Imagine yourself as a business owner. To get the edge in business, you must employ software specialists to write and maintain your systems. Sometimes, it lags behind the business development, and you try to find ways to scale it somehow. At this point, you start employing more developers, outstaffing, and outsourcing, which comes with a material cost of time and funds. These processes are time-bound because you must ensure new people fit the team profile, onboard them, and give them time to be great contributors. The time benefit and organizational ease of having a virtual teammate are enormous. We still have to explain things to it and onboard it, but it's all an order of magnitude faster than finding people to do this work!

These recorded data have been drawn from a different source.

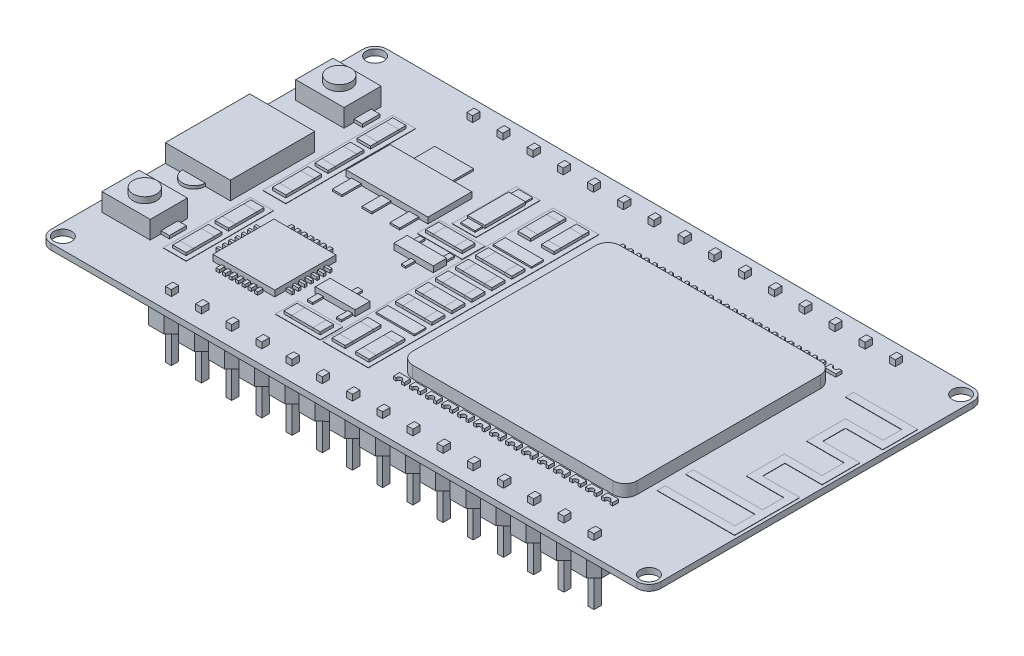
SolidWorks part; units mm, degrees
ref_plane "Front Plane" through (0, 0, 0) normal (0, 0, 1) x (1, 0, 0)
ref_plane "Top Plane" through (0, 0, 0) normal (0, 1, 0) x (1, 0, 0)
ref_plane "Right Plane" through (0, 0, 0) normal (1, 0, 0) x (0, 0, -1)
sketch "Sketch1" plane through (0, 0, 0) normal (0, 1, 0) x (1, 0, 0)
  line L0 (166.6667, 275.5) -> (833.3333, 275.5) construction
sketch "Sketch2" plane through (0, 0, 0) normal (0, 1, 0) x (1, 0, 0)
  line L1 (0, 0) -> (25.5, 0)
  line L2 (0, 0) -> (0, 14.05)
  line L3 (0, 14.05) -> (25.5, 14.05)
  line L4 (25.5, 0) -> (25.5, 14.05)
  dimension "D1" = 14.05
  dimension "D2" = 25.5
extrude "Boss-Extrude1" add sketch "Sketch2" against normal blind 0.5
fillet "Fillet3" radius 1 1 edges at (0, -0.25, 0)
sketch "Sketch3" plane through (0, 0, 0) normal (0, 1, 0) x (1, 0, 0)
  line L0 (0.2929, 0.2929) -> (1, 1) construction
  arc A0 (0, 1) -> (1, 0) centre (1, 1) ccw construction
  circle A1 centre (1, 1) radius 0.7368
extrude "Cut-Extrude1" cut sketch "Sketch3" along normal up to surface (-0.5 mm away) up to face at (10.3586, -0.5, -5.7786)
mirror "Mirror1" about plane through (25.5, -0.5, 0) normal (1, 0, 0) of bodies 102
mirror "Mirror2" about plane through (0, -0.5, -14.05) normal (0, 0, -1) of bodies 103
sketch "Sketch4" plane through (0, 0, 0) normal (0, 1, 0) x (1, 0, 0)
  line L1 (25.9436, 22.6267) -> (42.7039, 22.6267)
  line L2 (24.9436, 21.6267) -> (24.9436, 6.2994)
  line L3 (25.9436, 5.2994) -> (42.7039, 5.2994)
  line L4 (43.7039, 21.6267) -> (43.7039, 6.2994)
  arc A0 (24.9436, 6.2994) -> (25.9436, 5.2994) centre (25.9436, 6.2994) ccw
  arc A1 (42.7039, 5.2994) -> (43.7039, 6.2994) centre (42.7039, 6.2994) ccw
  arc A2 (42.7039, 22.6267) -> (43.7039, 21.6267) centre (42.7039, 21.6267) cw
  arc A3 (25.9436, 22.6267) -> (24.9436, 21.6267) centre (25.9436, 21.6267) ccw
  dimension "D1" = 1
extrude "Boss-Extrude2" add sketch "Sketch4" along normal blind 1 separate body
sketch "Sketch5" plane through (0, 0, 0) normal (0, 1, 0) x (1, 0, 0)
  line L0 (24.7912, 7.6997) -> (24.2806, 7.6997)
  line L1 (24.2806, 7.6997) -> (24.2806, 7.8949)
  line L2 (24.7912, 7.6997) -> (24.7912, 8.5161)
  line L4 (24.2806, 8.5161) -> (24.2806, 8.3221)
  line L5 (24.7912, 8.5161) -> (24.2806, 8.5161)
  line L6 (24.2806, 9.8562) -> (24.2806, 9.6622)
  line L7 (24.7912, 9.8562) -> (24.2806, 9.8562)
  line L8 (24.7912, 9.0397) -> (24.7912, 9.8562)
  line L9 (24.7912, 9.0397) -> (24.2806, 9.0397)
  line L10 (24.2806, 9.0397) -> (24.2806, 9.235)
  line L11 (24.2806, 11.1963) -> (24.2806, 11.0023)
  line L12 (24.7912, 11.1963) -> (24.2806, 11.1963)
  line L13 (24.7912, 10.3798) -> (24.7912, 11.1963)
  line L14 (24.7912, 10.3798) -> (24.2806, 10.3798)
  line L15 (24.2806, 10.3798) -> (24.2806, 10.575)
  line L16 (24.2806, 12.5363) -> (24.2806, 12.3423)
  line L17 (24.7912, 12.5363) -> (24.2806, 12.5363)
  line L18 (24.7912, 11.7199) -> (24.7912, 12.5363)
  line L19 (24.7912, 11.7199) -> (24.2806, 11.7199)
  line L20 (24.2806, 11.7199) -> (24.2806, 11.9151)
  line L21 (24.2806, 13.8764) -> (24.2806, 13.6824)
  line L22 (24.7912, 13.8764) -> (24.2806, 13.8764)
  line L23 (24.7912, 13.06) -> (24.7912, 13.8764)
  line L24 (24.7912, 13.06) -> (24.2806, 13.06)
  line L25 (24.2806, 13.06) -> (24.2806, 13.2552)
  line L26 (24.2806, 15.2165) -> (24.2806, 15.0225)
  line L27 (24.7912, 15.2165) -> (24.2806, 15.2165)
  line L28 (24.7912, 14.4) -> (24.7912, 15.2165)
  line L29 (24.7912, 14.4) -> (24.2806, 14.4)
  line L30 (24.2806, 14.4) -> (24.2806, 14.5953)
  line L31 (24.2806, 16.5566) -> (24.2806, 16.3626)
  line L32 (24.7912, 16.5566) -> (24.2806, 16.5566)
  line L33 (24.7912, 15.7401) -> (24.7912, 16.5566)
  line L34 (24.7912, 15.7401) -> (24.2806, 15.7401)
  line L35 (24.2806, 15.7401) -> (24.2806, 15.9353)
  line L36 (24.2806, 17.8967) -> (24.2806, 17.7026)
  line L37 (24.7912, 17.8967) -> (24.2806, 17.8967)
  line L38 (24.7912, 17.0802) -> (24.7912, 17.8967)
  line L39 (24.7912, 17.0802) -> (24.2806, 17.0802)
  line L40 (24.2806, 17.0802) -> (24.2806, 17.2754)
  line L41 (24.2806, 19.2367) -> (24.2806, 19.0427)
  line L42 (24.7912, 19.2367) -> (24.2806, 19.2367)
  line L43 (24.7912, 18.4203) -> (24.7912, 19.2367)
  line L44 (24.7912, 18.4203) -> (24.2806, 18.4203)
  line L45 (24.2806, 18.4203) -> (24.2806, 18.6155)
  line L46 (24.2806, 20.5768) -> (24.2806, 20.3828)
  line L47 (24.7912, 20.5768) -> (24.2806, 20.5768)
  line L48 (24.7912, 19.7603) -> (24.7912, 20.5768)
  line L49 (24.7912, 19.7603) -> (24.2806, 19.7603)
  line L50 (24.2806, 19.7603) -> (24.2806, 19.9556)
  line L51 (25.1907, 23.6105) -> (25.1907, 23.1041)
  line L52 (25.1907, 23.1041) -> (26.111, 23.1041)
  line L54 (25.1907, 23.6105) -> (25.4208, 23.6105)
  line L55 (26.111, 23.6105) -> (26.111, 23.1041)
  line L56 (26.111, 23.6105) -> (25.8809, 23.6105)
  line L57 (26.5297, 23.1041) -> (27.45, 23.1041)
  line L58 (27.45, 23.6105) -> (27.45, 23.1041)
  line L59 (27.45, 23.6105) -> (27.2199, 23.6105)
  line L60 (26.5297, 23.6105) -> (26.7598, 23.6105)
  line L61 (26.5297, 23.6105) -> (26.5297, 23.1041)
  line L62 (27.8686, 23.1041) -> (28.7889, 23.1041)
  line L63 (28.7889, 23.6105) -> (28.7889, 23.1041)
  line L64 (28.7889, 23.6105) -> (28.5589, 23.6105)
  line L65 (27.8686, 23.6105) -> (28.0987, 23.6105)
  line L66 (27.8686, 23.6105) -> (27.8686, 23.1041)
  line L67 (29.2076, 23.1041) -> (30.1279, 23.1041)
  line L68 (30.1279, 23.6105) -> (30.1279, 23.1041)
  line L69 (30.1279, 23.6105) -> (29.8978, 23.6105)
  line L70 (29.2076, 23.6105) -> (29.4377, 23.6105)
  line L71 (29.2076, 23.6105) -> (29.2076, 23.1041)
  line L72 (30.5466, 23.1041) -> (31.4669, 23.1041)
  line L73 (31.4669, 23.6105) -> (31.4669, 23.1041)
  line L74 (31.4669, 23.6105) -> (31.2368, 23.6105)
  line L75 (30.5466, 23.6105) -> (30.7766, 23.6105)
  line L76 (30.5466, 23.6105) -> (30.5466, 23.1041)
  line L77 (31.8855, 23.1041) -> (32.8058, 23.1041)
  line L78 (32.8058, 23.6105) -> (32.8058, 23.1041)
  line L79 (32.8058, 23.6105) -> (32.5758, 23.6105)
  line L80 (31.8855, 23.6105) -> (32.1156, 23.6105)
  line L81 (31.8855, 23.6105) -> (31.8855, 23.1041)
  line L82 (33.2245, 23.1041) -> (34.1448, 23.1041)
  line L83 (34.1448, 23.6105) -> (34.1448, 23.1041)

You can disagree by saying: "I'm a software developer, not a business owner; I care about simplifying my work." Here's a take for you: it's precisely the same! You build the software product by producing intellectual labor, which may be targeted at conversing with an AI instead of fiddling with code directly most of the time! We have to learn new tools all the time as software developers, so it's nothing new in that regard.

It may also be composed if you think about a person or a unit-size development team. We already have operations (processes) in place to add operational units to the team and synchronization and consensus protocols for teams. Let's leverage it!

There's a generational potential here. AI progress will eventually lift us up and improve our offerings, but we must build smarter to bootstrap smart enough builders!